» **Your instructions**: Check every line of the material below for the string "linetypes", and return the ones that have it.

------------------------------------

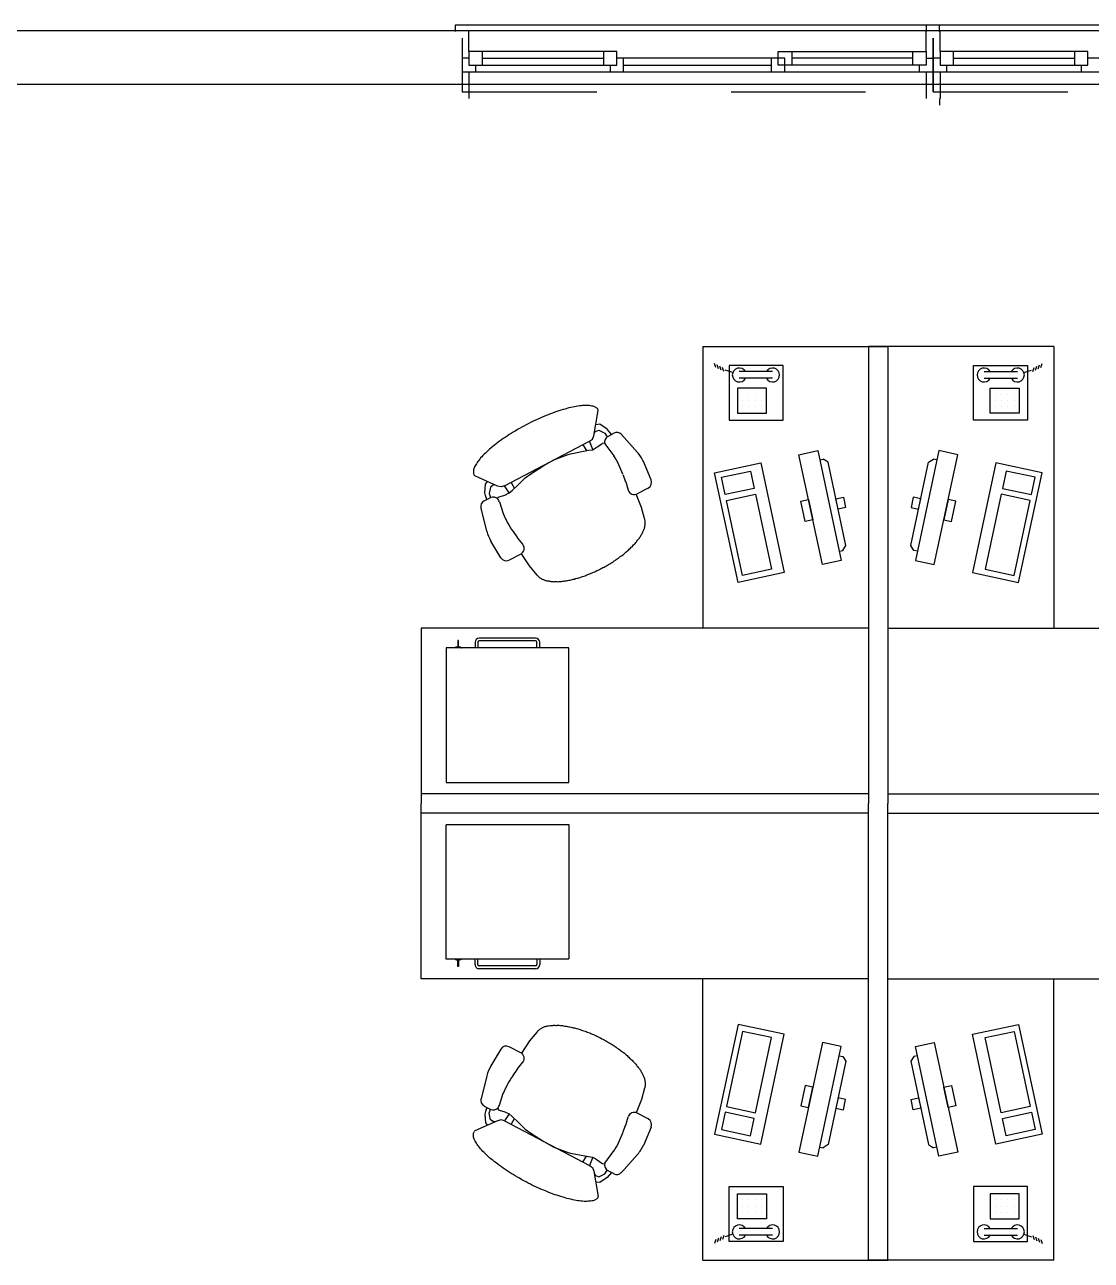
# Model space of a CAD drawing. Header units: millimetres. Extents: x -17017 to 2697, y 1903 to 18260.
# Drawn here: x -17005.817 to -17005.024, y 18223.428 to 18224.348 of the extents above; entities that cross this region are included whole.
import ezdxf

# ---------------------------------------------------------------- set-up
doc = ezdxf.new("R2010")
doc.units = ezdxf.units.MM
doc.linetypes.add('DASHED2', pattern=[0.375, 0.25, -0.125])
doc.linetypes.add('DOT3', pattern=[0.06, 0, -0.06])
for name, color, linetype in [('1', 7, 'Continuous'), ('DENIZLIK', 16, 'Continuous'), ('DUVAR', 7, 'Continuous'), ('IZDOT', 2, 'DOT3'), ('PENCERE', 3, 'Continuous'), ('sıva', 181, 'Continuous')]:
    doc.layers.add(name, color=color, linetype=linetype)

# ---------------------------------------------------------------- blocks, each defined once
blk = doc.blocks.new('ut')
at = {"color": 0}
for p, q in [((-181.2297, 51.1953), (-181.2297, 52.8594)), ((-180.6133, 51.1953), (-180.6133, 52.8594)), ((-180.5414, 51.1953), (-180.5414, 52.8594)), ((-179.9251, 51.1953), (-179.9251, 52.8594)), ((-182.2774, 51.8117), (-182.2774, 51.1953)), ((-182.2774, 51.8117), (-181.2297, 51.8117)), ((-178.8774, 51.8117), (-179.9251, 51.8117)), ((-178.8774, 51.8117), (-178.8774, 51.1953)), ((-182.1995, 51.7637), (-182.2144, 51.7686)), ((-182.1945, 51.7538), (-182.2094, 51.7587)), ((-182.1896, 51.7438), (-182.2044, 51.7488)), ((-182.1846, 51.7339), (-182.1995, 51.7389)), ((-182.1806, 51.7007), (-182.1896, 51.729)), ((-181.8079, 51.7687), (-181.8447, 51.5967)), ((-181.791, 51.7426), (-181.814, 51.6351)), ((-181.3995, 51.6812), (-181.8079, 51.7687)), ((-181.7265, 51.7288), (-181.791, 51.7426)), ((-181.7495, 51.6213), (-181.7265, 51.7288)), ((-179.7553, 51.6812), (-179.3469, 51.7687)), ((-179.4283, 51.7288), (-179.3638, 51.7426)), ((-179.4053, 51.6213), (-179.4283, 51.7288)), ((-179.3638, 51.7426), (-179.3408, 51.6351)), ((-179.3469, 51.7687), (-179.3101, 51.5967)), ((-178.9742, 51.7007), (-178.9652, 51.729)), ((-178.9702, 51.7339), (-178.9553, 51.7389)), ((-178.9652, 51.7438), (-178.9504, 51.7488)), ((-178.9603, 51.7538), (-178.9454, 51.7587)), ((-178.9553, 51.7637), (-178.9404, 51.7686)), ((-181.705, 51.7242), (-181.728, 51.6167)), ((-181.4256, 51.6643), (-181.705, 51.7242)), ((-181.4363, 51.5092), (-181.3995, 51.6812)), ((-179.7185, 51.5092), (-179.7553, 51.6812)), ((-179.7292, 51.6643), (-179.4498, 51.7242)), ((-179.4498, 51.7242), (-179.4267, 51.6167)), ((-182.1842, 51.5524), (-182.1842, 51.6765)), ((-182.1594, 51.5524), (-182.1594, 51.6765)), ((-182.0995, 51.6642), (-182.0995, 51.6642)), ((-182.0995, 51.6409), (-182.0995, 51.6409)), ((-182.0763, 51.6642), (-182.0763, 51.6642)), ((-182.0763, 51.6409), (-182.0763, 51.6409)), ((-182.053, 51.6642), (-182.053, 51.6642)), ((-182.053, 51.6409), (-182.053, 51.6409)), ((-181.814, 51.6351), (-181.7495, 51.6213)), ((-181.4486, 51.5568), (-181.4256, 51.6643)), ((-179.7062, 51.5568), (-179.7292, 51.6643)), ((-179.3408, 51.6351), (-179.4053, 51.6213)), ((-179.1018, 51.6642), (-179.1018, 51.6642)), ((-179.1018, 51.6409), (-179.1018, 51.6409)), ((-179.0785, 51.6642), (-179.0785, 51.6642)), ((-179.0785, 51.6409), (-179.0785, 51.6409)), ((-179.0553, 51.6642), (-179.0553, 51.6642)), ((-179.0553, 51.6409), (-179.0553, 51.6409)), ((-178.9954, 51.5524), (-178.9954, 51.6765)), ((-178.9706, 51.5524), (-178.9706, 51.6765)), ((-182.0995, 51.6177), (-182.0995, 51.6177)), ((-182.0995, 51.5944), (-182.0995, 51.5944)), ((-182.0763, 51.6177), (-182.0763, 51.6177)), ((-182.0763, 51.5944), (-182.0763, 51.5944)), ((-182.053, 51.6177), (-182.053, 51.6177)), ((-182.053, 51.5944), (-182.053, 51.5944)), ((-181.8447, 51.5967), (-181.4363, 51.5092)), ((-181.728, 51.6167), (-181.4486, 51.5568)), ((-179.3101, 51.5967), (-179.7185, 51.5092)), ((-179.4267, 51.6167), (-179.7062, 51.5568)), ((-179.1018, 51.6177), (-179.1018, 51.6177)), ((-179.1018, 51.5944), (-179.1018, 51.5944)), ((-179.0785, 51.6177), (-179.0785, 51.6177)), ((-179.0785, 51.5944), (-179.0785, 51.5944)), ((-179.0553, 51.6177), (-179.0553, 51.6177)), ((-179.0553, 51.5944), (-179.0553, 51.5944)), ((-181.8751, 51.4549), (-181.8902, 51.3846)), ((-181.4667, 51.3674), (-181.8751, 51.4549)), ((-179.688, 51.3674), (-179.2797, 51.4549)), ((-179.2797, 51.4549), (-179.2646, 51.3846)), ((-181.7028, 51.4474), (-181.7089, 51.4193)), ((-181.7089, 51.4193), (-181.633, 51.403)), ((-181.627, 51.4311), (-181.7028, 51.4474)), ((-181.633, 51.403), (-181.627, 51.4311)), ((-179.5278, 51.4311), (-179.452, 51.4474)), ((-179.5218, 51.403), (-179.5278, 51.4311)), ((-179.4459, 51.4193), (-179.5218, 51.403)), ((-179.452, 51.4474), (-179.4459, 51.4193)), ((-181.8902, 51.3846), (-181.4818, 51.2971)), ((-181.856, 51.3773), (-181.8586, 51.3648)), ((-181.8468, 51.3465), (-181.8586, 51.3648)), ((-181.4818, 51.2971), (-181.4667, 51.3674)), ((-179.673, 51.2971), (-179.688, 51.3674)), ((-179.2646, 51.3846), (-179.673, 51.2971)), ((-179.308, 51.3465), (-179.2961, 51.3648)), ((-179.2988, 51.3773), (-179.2961, 51.3648)), ((-181.537, 51.2801), (-181.8468, 51.3465)), ((-181.7109, 51.3174), (-181.7169, 51.2892)), ((-181.673, 51.3092), (-181.7109, 51.3174)), ((-179.6178, 51.2801), (-179.308, 51.3465)), ((-179.4818, 51.3092), (-179.4439, 51.3174)), ((-179.4439, 51.3174), (-179.4379, 51.2892)), ((-181.7169, 51.2892), (-181.679, 51.2811)), ((-181.679, 51.2811), (-181.673, 51.3092)), ((-181.5187, 51.2919), (-181.537, 51.2801)), ((-181.5161, 51.3044), (-181.5187, 51.2919)), ((-179.6387, 51.3044), (-179.6361, 51.2919)), ((-179.6361, 51.2919), (-179.6178, 51.2801)), ((-179.4758, 51.2811), (-179.4818, 51.3092)), ((-179.4379, 51.2892), (-179.4758, 51.2811)), ((-182.2774, 51.1953), (-180.5774, 51.1953)), ((-182.2774, 51.1953), (-180.5774, 51.1953)), ((-182.2774, 51.1953), (-182.2774, 51.1234)), ((-182.2774, 51.1953), (-180.5774, 51.1953)), ((-182.2774, 51.1234), (-182.2774, 51.1953)), ((-178.8774, 51.1953), (-180.5774, 51.1953)), ((-178.8774, 51.1953), (-180.5774, 51.1953)), ((-178.8774, 51.1953), (-180.5774, 51.1953)), ((-178.8774, 51.1953), (-180.5774, 51.1953)), ((-178.8774, 51.1953), (-180.5774, 51.1953)), ((-178.8774, 51.1953), (-178.8774, 51.1234)), ((-178.8774, 51.1234), (-178.8774, 51.1953)), ((-182.2774, 50.5071), (-182.2774, 51.1234)), ((-182.2774, 51.1234), (-180.5774, 51.1234)), ((-182.2774, 51.1234), (-180.5774, 51.1234)), ((-182.2774, 51.1234), (-180.5774, 51.1234)), ((-181.2297, 51.1234), (-181.2297, 49.4594)), ((-180.6133, 51.1234), (-180.6133, 49.4594)), ((-178.8774, 51.1234), (-180.5774, 51.1234)), ((-178.8774, 51.1234), (-180.5774, 51.1234)), ((-178.8774, 51.1234), (-180.5774, 51.1234)), ((-178.8774, 51.1234), (-180.5774, 51.1234)), ((-178.8774, 51.1234), (-180.5774, 51.1234)), ((-180.5414, 51.1234), (-180.5414, 49.4594)), ((-179.9251, 51.1234), (-179.9251, 49.4594)), ((-178.8774, 50.5071), (-178.8774, 51.1234)), ((-181.537, 51.0387), (-181.8468, 50.9723)), ((-181.7169, 51.0295), (-181.679, 51.0377)), ((-181.679, 51.0377), (-181.673, 51.0096)), ((-181.5187, 51.0269), (-181.537, 51.0387)), ((-179.6361, 51.0269), (-179.6178, 51.0387)), ((-179.6178, 51.0387), (-179.308, 50.9723)), ((-179.4758, 51.0377), (-179.4818, 51.0096)), ((-179.4379, 51.0295), (-179.4758, 51.0377)), ((-181.8902, 50.9342), (-181.4818, 51.0217)), ((-181.7109, 51.0014), (-181.7169, 51.0295)), ((-181.673, 51.0096), (-181.7109, 51.0014)), ((-181.5161, 51.0144), (-181.5187, 51.0269)), ((-181.4818, 51.0217), (-181.4667, 50.9514)), ((-179.673, 51.0217), (-179.688, 50.9514)), ((-179.2646, 50.9342), (-179.673, 51.0217)), ((-179.6387, 51.0144), (-179.6361, 51.0269)), ((-179.4818, 51.0096), (-179.4439, 51.0014)), ((-179.4439, 51.0014), (-179.4379, 51.0295)), ((-181.4667, 50.9514), (-181.8751, 50.8639)), ((-181.8468, 50.9723), (-181.8586, 50.954)), ((-181.856, 50.9415), (-181.8586, 50.954)), ((-179.688, 50.9514), (-179.2797, 50.8639)), ((-179.308, 50.9723), (-179.2961, 50.954)), ((-179.2988, 50.9415), (-179.2961, 50.954)), ((-181.8751, 50.8639), (-181.8902, 50.9342)), ((-181.7089, 50.8995), (-181.633, 50.9158)), ((-181.7028, 50.8714), (-181.7089, 50.8995)), ((-181.633, 50.9158), (-181.627, 50.8877)), ((-179.5218, 50.9158), (-179.5278, 50.8877)), ((-179.4459, 50.8995), (-179.5218, 50.9158)), ((-179.452, 50.8714), (-179.4459, 50.8995)), ((-179.2797, 50.8639), (-179.2646, 50.9342)), ((-181.627, 50.8877), (-181.7028, 50.8714)), ((-179.5278, 50.8877), (-179.452, 50.8714)), ((-181.8447, 50.722), (-181.4363, 50.8096)), ((-181.4363, 50.8096), (-181.3995, 50.6376)), ((-179.7185, 50.8096), (-179.7553, 50.6376)), ((-179.3101, 50.722), (-179.7185, 50.8096)), ((-182.1842, 50.7664), (-182.1842, 50.6423)), ((-182.1594, 50.7664), (-182.1594, 50.6423)), ((-181.728, 50.7021), (-181.4486, 50.762)), ((-181.4486, 50.762), (-181.4256, 50.6545)), ((-179.7062, 50.762), (-179.7292, 50.6545)), ((-179.4267, 50.7021), (-179.7062, 50.762)), ((-178.9954, 50.7664), (-178.9954, 50.6423)), ((-178.9706, 50.7664), (-178.9706, 50.6423)), ((-182.0995, 50.7244), (-182.0995, 50.7244)), ((-182.0763, 50.7244), (-182.0763, 50.7244)), ((-182.053, 50.7244), (-182.053, 50.7244)), ((-181.8079, 50.5501), (-181.8447, 50.722)), ((-179.3469, 50.5501), (-179.3101, 50.722)), ((-179.1018, 50.7244), (-179.1018, 50.7244)), ((-179.0785, 50.7244), (-179.0785, 50.7244)), ((-179.0553, 50.7244), (-179.0553, 50.7244)), ((-182.0995, 50.7011), (-182.0995, 50.7011)), ((-182.0995, 50.6779), (-182.0995, 50.6779)), ((-182.0763, 50.7011), (-182.0763, 50.7011)), ((-182.0763, 50.6779), (-182.0763, 50.6779)), ((-182.053, 50.7011), (-182.053, 50.7011)), ((-182.053, 50.6779), (-182.053, 50.6779)), ((-181.814, 50.6837), (-181.7495, 50.6975)), ((-181.791, 50.5762), (-181.814, 50.6837)), ((-181.7495, 50.6975), (-181.7265, 50.59)), ((-181.705, 50.5946), (-181.728, 50.7021)), ((-179.4498, 50.5946), (-179.4267, 50.7021)), ((-179.4053, 50.6975), (-179.4283, 50.59)), ((-179.3408, 50.6837), (-179.4053, 50.6975)), ((-179.3638, 50.5762), (-179.3408, 50.6837)), ((-179.1018, 50.7011), (-179.1018, 50.7011)), ((-179.1018, 50.6779), (-179.1018, 50.6779)), ((-179.0785, 50.7011), (-179.0785, 50.7011)), ((-179.0785, 50.6779), (-179.0785, 50.6779)), ((-179.0553, 50.7011), (-179.0553, 50.7011)), ((-179.0553, 50.6779), (-179.0553, 50.6779)), ((-182.0995, 50.6546), (-182.0995, 50.6546)), ((-182.0763, 50.6546), (-182.0763, 50.6546)), ((-182.053, 50.6546), (-182.053, 50.6546)), ((-181.3995, 50.6376), (-181.8079, 50.5501)), ((-181.4256, 50.6545), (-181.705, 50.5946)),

------------------------------------

» **Solution to this task**:
doc.linetypes.add('DASHED2', pattern=[0.375, 0.25, -0.125])
doc.linetypes.add('DOT3', pattern=[0.06, 0, -0.06])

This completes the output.